According to the Department of Health, however, there’s nothing in the law that requires a “facility” to be a structure.

But Seann Frazier, a lawyer representing Del Favero, asked if that meant that a tent, erected where a structure previously was used to process citrus, would make an applicant eligible for the citrus preference.

“You’re saying the facility is the tent. It could also be the space it’s in. So how they will convert that space. They could put a building on it,” state Office of Medical Marijuana Use Deputy Director Courtney Coppola said.

“The facility could be dirt. Unimproved dirt, that somebody could promise to put a $1 million processing plant on top of it, they would still meet the citrus preference. Is that true?” Frazier asked.

Coppola agreed.

TEACHERS UNION: SCHOOL LAW A TRAIN WRECK

In other court action this week, Florida teachers and unions filed a lawsuit Monday challenging the constitutionality of a new law that requires local unions to represent 50 percent or more of instructional personnel.

The law, which passed during this year’s legislative session and took effect Sunday, enacted a series of major changes in the public-school system.

Known as House Bill 7055, the measure created a new “Hope” scholarship program that will allow students who are bullied to transfer to private schools. The law — known as a legislative “train” — included expanded financial support for Gardiner scholarships, which provide aid to disabled students. And it raised evidentiary standards for school boards trying to terminate charter schools.

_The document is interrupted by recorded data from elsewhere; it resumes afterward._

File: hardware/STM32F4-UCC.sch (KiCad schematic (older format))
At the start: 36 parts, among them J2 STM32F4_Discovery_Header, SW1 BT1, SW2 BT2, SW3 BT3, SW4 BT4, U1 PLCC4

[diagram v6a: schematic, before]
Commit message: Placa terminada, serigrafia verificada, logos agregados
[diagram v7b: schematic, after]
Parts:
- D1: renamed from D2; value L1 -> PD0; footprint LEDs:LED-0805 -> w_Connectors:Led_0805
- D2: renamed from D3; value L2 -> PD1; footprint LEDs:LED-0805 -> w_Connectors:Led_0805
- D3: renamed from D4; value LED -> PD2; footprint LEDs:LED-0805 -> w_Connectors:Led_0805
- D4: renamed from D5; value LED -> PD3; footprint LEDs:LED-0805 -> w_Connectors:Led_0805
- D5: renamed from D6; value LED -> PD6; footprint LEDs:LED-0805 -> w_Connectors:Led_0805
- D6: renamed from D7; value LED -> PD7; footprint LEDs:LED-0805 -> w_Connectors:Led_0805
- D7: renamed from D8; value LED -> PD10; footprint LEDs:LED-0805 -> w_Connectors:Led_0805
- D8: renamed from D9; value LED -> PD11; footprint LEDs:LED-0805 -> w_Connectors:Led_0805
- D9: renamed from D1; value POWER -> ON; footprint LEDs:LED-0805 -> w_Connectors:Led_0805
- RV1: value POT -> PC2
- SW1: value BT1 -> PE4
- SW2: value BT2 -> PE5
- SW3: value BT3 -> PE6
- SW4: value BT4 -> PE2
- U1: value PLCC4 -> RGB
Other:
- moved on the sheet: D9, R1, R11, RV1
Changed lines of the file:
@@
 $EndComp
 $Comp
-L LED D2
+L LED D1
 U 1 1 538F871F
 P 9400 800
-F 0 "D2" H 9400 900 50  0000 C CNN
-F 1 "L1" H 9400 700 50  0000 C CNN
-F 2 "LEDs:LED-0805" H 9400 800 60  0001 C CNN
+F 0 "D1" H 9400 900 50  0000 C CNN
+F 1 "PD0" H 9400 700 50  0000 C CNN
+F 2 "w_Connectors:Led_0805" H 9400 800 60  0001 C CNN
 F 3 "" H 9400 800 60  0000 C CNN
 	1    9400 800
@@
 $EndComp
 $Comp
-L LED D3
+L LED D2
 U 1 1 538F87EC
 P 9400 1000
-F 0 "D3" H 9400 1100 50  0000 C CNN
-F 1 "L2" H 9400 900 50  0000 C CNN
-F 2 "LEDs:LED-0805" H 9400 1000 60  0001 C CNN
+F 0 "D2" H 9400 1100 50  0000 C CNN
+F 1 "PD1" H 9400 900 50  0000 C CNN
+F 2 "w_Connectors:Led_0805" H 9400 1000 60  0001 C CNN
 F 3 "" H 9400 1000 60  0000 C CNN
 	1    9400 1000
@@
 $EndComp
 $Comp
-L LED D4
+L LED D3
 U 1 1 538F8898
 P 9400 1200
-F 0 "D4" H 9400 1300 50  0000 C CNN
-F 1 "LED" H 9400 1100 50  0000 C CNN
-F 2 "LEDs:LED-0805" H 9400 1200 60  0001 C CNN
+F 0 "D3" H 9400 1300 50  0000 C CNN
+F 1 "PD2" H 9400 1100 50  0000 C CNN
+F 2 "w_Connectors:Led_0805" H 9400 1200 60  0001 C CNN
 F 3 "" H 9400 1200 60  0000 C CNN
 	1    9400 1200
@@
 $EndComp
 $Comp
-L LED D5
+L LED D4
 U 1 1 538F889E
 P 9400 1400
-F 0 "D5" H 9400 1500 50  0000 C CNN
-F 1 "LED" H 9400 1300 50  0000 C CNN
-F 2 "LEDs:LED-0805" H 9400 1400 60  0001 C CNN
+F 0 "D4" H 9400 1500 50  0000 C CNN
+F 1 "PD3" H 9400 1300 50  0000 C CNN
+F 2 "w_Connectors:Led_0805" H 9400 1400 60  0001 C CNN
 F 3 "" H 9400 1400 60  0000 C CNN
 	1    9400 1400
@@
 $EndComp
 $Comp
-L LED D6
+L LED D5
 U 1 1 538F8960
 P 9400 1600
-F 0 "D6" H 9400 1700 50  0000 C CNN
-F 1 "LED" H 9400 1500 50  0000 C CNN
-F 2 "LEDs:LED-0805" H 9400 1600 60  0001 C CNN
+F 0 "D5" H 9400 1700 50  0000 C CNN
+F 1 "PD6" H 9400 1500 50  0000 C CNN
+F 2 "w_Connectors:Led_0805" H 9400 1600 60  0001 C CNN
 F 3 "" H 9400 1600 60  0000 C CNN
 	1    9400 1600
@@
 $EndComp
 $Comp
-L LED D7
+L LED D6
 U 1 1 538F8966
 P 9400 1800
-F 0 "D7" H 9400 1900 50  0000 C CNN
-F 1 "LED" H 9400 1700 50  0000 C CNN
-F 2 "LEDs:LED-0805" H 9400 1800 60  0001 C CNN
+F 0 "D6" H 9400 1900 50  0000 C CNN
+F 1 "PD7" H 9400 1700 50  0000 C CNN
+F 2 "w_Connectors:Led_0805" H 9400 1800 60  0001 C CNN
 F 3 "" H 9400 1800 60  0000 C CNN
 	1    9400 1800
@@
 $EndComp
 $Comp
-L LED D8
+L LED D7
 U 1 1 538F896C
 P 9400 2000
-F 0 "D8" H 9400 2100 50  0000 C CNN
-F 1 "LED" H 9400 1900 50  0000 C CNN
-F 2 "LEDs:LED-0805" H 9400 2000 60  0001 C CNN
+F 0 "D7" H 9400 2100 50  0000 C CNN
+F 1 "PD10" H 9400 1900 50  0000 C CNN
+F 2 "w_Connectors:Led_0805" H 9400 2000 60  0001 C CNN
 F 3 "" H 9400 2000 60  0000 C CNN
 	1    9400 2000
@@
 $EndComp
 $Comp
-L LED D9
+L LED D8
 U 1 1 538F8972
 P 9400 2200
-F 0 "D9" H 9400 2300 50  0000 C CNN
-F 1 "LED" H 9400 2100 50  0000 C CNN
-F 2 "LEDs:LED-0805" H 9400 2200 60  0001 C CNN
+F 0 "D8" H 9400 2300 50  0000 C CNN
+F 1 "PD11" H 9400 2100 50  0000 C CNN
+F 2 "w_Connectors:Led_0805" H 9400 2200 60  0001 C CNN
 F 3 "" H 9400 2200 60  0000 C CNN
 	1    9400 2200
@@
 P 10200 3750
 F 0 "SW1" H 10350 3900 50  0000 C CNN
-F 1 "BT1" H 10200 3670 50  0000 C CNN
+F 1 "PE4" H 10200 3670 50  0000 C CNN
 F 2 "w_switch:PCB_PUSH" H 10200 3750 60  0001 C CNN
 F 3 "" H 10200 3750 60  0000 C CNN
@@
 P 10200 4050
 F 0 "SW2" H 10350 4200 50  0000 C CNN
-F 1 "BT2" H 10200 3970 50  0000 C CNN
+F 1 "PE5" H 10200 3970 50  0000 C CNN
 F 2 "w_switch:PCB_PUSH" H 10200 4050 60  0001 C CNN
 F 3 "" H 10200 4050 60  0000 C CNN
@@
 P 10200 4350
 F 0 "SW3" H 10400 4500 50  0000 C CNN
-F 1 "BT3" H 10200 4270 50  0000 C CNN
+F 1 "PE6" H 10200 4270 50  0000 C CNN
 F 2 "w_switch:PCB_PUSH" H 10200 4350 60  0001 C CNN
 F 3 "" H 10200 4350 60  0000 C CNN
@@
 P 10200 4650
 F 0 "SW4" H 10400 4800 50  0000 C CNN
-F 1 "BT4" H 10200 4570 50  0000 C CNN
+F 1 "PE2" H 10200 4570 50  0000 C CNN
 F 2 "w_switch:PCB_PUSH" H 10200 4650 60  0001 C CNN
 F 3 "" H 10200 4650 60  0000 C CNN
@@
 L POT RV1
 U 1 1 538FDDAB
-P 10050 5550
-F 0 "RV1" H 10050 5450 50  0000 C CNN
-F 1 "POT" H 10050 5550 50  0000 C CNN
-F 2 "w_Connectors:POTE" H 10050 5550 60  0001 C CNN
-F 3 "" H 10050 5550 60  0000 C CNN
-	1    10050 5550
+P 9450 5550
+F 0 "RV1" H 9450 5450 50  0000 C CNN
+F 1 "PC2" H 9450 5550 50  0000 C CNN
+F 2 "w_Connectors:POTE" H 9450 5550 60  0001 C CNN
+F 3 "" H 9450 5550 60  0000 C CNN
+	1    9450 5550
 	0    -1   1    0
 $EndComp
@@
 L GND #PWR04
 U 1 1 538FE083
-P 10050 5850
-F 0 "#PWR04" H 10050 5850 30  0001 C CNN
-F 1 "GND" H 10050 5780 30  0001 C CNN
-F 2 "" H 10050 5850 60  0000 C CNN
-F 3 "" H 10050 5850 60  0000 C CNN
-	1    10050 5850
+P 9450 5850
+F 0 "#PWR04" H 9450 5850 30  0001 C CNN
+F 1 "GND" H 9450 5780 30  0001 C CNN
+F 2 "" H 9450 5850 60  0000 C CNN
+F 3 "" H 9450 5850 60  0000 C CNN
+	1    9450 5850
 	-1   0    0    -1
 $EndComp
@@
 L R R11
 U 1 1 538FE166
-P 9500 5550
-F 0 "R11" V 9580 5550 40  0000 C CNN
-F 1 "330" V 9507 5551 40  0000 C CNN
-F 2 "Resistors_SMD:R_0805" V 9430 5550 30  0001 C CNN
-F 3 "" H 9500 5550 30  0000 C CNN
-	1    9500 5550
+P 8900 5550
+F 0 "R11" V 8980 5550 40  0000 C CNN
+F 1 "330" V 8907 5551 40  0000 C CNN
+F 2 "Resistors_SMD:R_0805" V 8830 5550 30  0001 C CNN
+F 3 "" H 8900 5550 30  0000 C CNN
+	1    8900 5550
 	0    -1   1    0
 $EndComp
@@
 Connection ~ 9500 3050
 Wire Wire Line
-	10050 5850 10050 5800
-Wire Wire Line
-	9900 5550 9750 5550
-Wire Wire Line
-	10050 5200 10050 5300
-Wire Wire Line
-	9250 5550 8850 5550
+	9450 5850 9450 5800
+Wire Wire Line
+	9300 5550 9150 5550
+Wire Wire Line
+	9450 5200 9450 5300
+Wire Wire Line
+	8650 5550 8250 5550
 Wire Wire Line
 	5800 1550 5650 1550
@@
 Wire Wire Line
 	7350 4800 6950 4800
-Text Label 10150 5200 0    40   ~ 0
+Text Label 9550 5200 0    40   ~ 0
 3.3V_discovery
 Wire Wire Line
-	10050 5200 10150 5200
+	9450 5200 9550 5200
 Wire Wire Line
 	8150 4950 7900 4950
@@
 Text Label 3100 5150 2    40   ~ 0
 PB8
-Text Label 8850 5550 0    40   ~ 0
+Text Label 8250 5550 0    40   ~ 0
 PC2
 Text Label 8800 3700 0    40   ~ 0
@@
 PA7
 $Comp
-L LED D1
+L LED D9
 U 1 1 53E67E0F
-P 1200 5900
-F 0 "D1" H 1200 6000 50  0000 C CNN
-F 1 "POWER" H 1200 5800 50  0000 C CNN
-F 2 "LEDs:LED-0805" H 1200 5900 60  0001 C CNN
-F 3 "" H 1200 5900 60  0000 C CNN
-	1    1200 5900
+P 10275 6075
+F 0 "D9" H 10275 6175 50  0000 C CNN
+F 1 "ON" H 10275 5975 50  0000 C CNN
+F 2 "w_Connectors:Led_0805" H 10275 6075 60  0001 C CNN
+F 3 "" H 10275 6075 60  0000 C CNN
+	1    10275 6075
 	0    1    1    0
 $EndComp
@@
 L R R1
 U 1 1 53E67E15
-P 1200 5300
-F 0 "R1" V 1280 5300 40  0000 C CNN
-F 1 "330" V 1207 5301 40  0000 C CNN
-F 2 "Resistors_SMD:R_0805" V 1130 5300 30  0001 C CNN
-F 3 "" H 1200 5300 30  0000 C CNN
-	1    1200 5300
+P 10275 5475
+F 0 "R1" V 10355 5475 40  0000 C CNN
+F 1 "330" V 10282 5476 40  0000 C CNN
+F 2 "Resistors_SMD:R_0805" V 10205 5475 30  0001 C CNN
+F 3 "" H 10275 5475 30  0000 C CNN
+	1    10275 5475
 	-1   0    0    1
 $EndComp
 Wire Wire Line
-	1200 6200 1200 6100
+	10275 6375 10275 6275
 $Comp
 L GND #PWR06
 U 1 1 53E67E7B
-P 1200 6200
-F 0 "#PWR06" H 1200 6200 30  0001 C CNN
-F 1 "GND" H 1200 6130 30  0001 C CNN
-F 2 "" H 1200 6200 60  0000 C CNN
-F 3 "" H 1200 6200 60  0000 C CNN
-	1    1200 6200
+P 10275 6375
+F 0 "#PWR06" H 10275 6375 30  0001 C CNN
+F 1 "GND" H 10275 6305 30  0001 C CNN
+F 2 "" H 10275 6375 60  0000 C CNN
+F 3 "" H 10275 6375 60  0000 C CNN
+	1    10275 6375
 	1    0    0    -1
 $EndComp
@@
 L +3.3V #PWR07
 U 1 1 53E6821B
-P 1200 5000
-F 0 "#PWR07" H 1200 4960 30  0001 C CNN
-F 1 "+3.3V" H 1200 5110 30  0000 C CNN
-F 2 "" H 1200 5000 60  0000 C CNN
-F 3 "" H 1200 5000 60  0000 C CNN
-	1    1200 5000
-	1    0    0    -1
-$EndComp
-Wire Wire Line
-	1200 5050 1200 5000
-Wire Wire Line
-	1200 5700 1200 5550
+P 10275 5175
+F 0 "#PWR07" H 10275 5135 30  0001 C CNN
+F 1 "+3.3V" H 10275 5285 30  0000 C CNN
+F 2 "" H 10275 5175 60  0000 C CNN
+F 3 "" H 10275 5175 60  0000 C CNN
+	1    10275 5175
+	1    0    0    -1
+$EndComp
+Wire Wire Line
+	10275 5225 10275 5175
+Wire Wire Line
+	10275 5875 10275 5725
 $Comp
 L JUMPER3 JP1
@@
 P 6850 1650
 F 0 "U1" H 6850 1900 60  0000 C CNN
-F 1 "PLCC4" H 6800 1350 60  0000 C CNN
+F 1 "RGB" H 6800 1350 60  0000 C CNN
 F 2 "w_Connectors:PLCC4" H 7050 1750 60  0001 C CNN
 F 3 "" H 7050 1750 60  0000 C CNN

But the lawsuit, which was filed by the Florida Education Association, nine local teachers unions, eight teachers and eight local union representatives, is aimed at a specific provision in the law that would result in local unions losing their certification if membership falls below 50 percent of the employees they represent in the collective-bargaining process.

The new law “contains multiple subjects that have little relationship to one another and absolutely no relationship to the recertification requirement contained” in the measure, the lawsuit said.

“There is no natural or logical connection between education and union density or requiring a public employee union to recertify its status as the exclusive bargaining unit for members of the instructional staff of a school district,” the lawsuit said.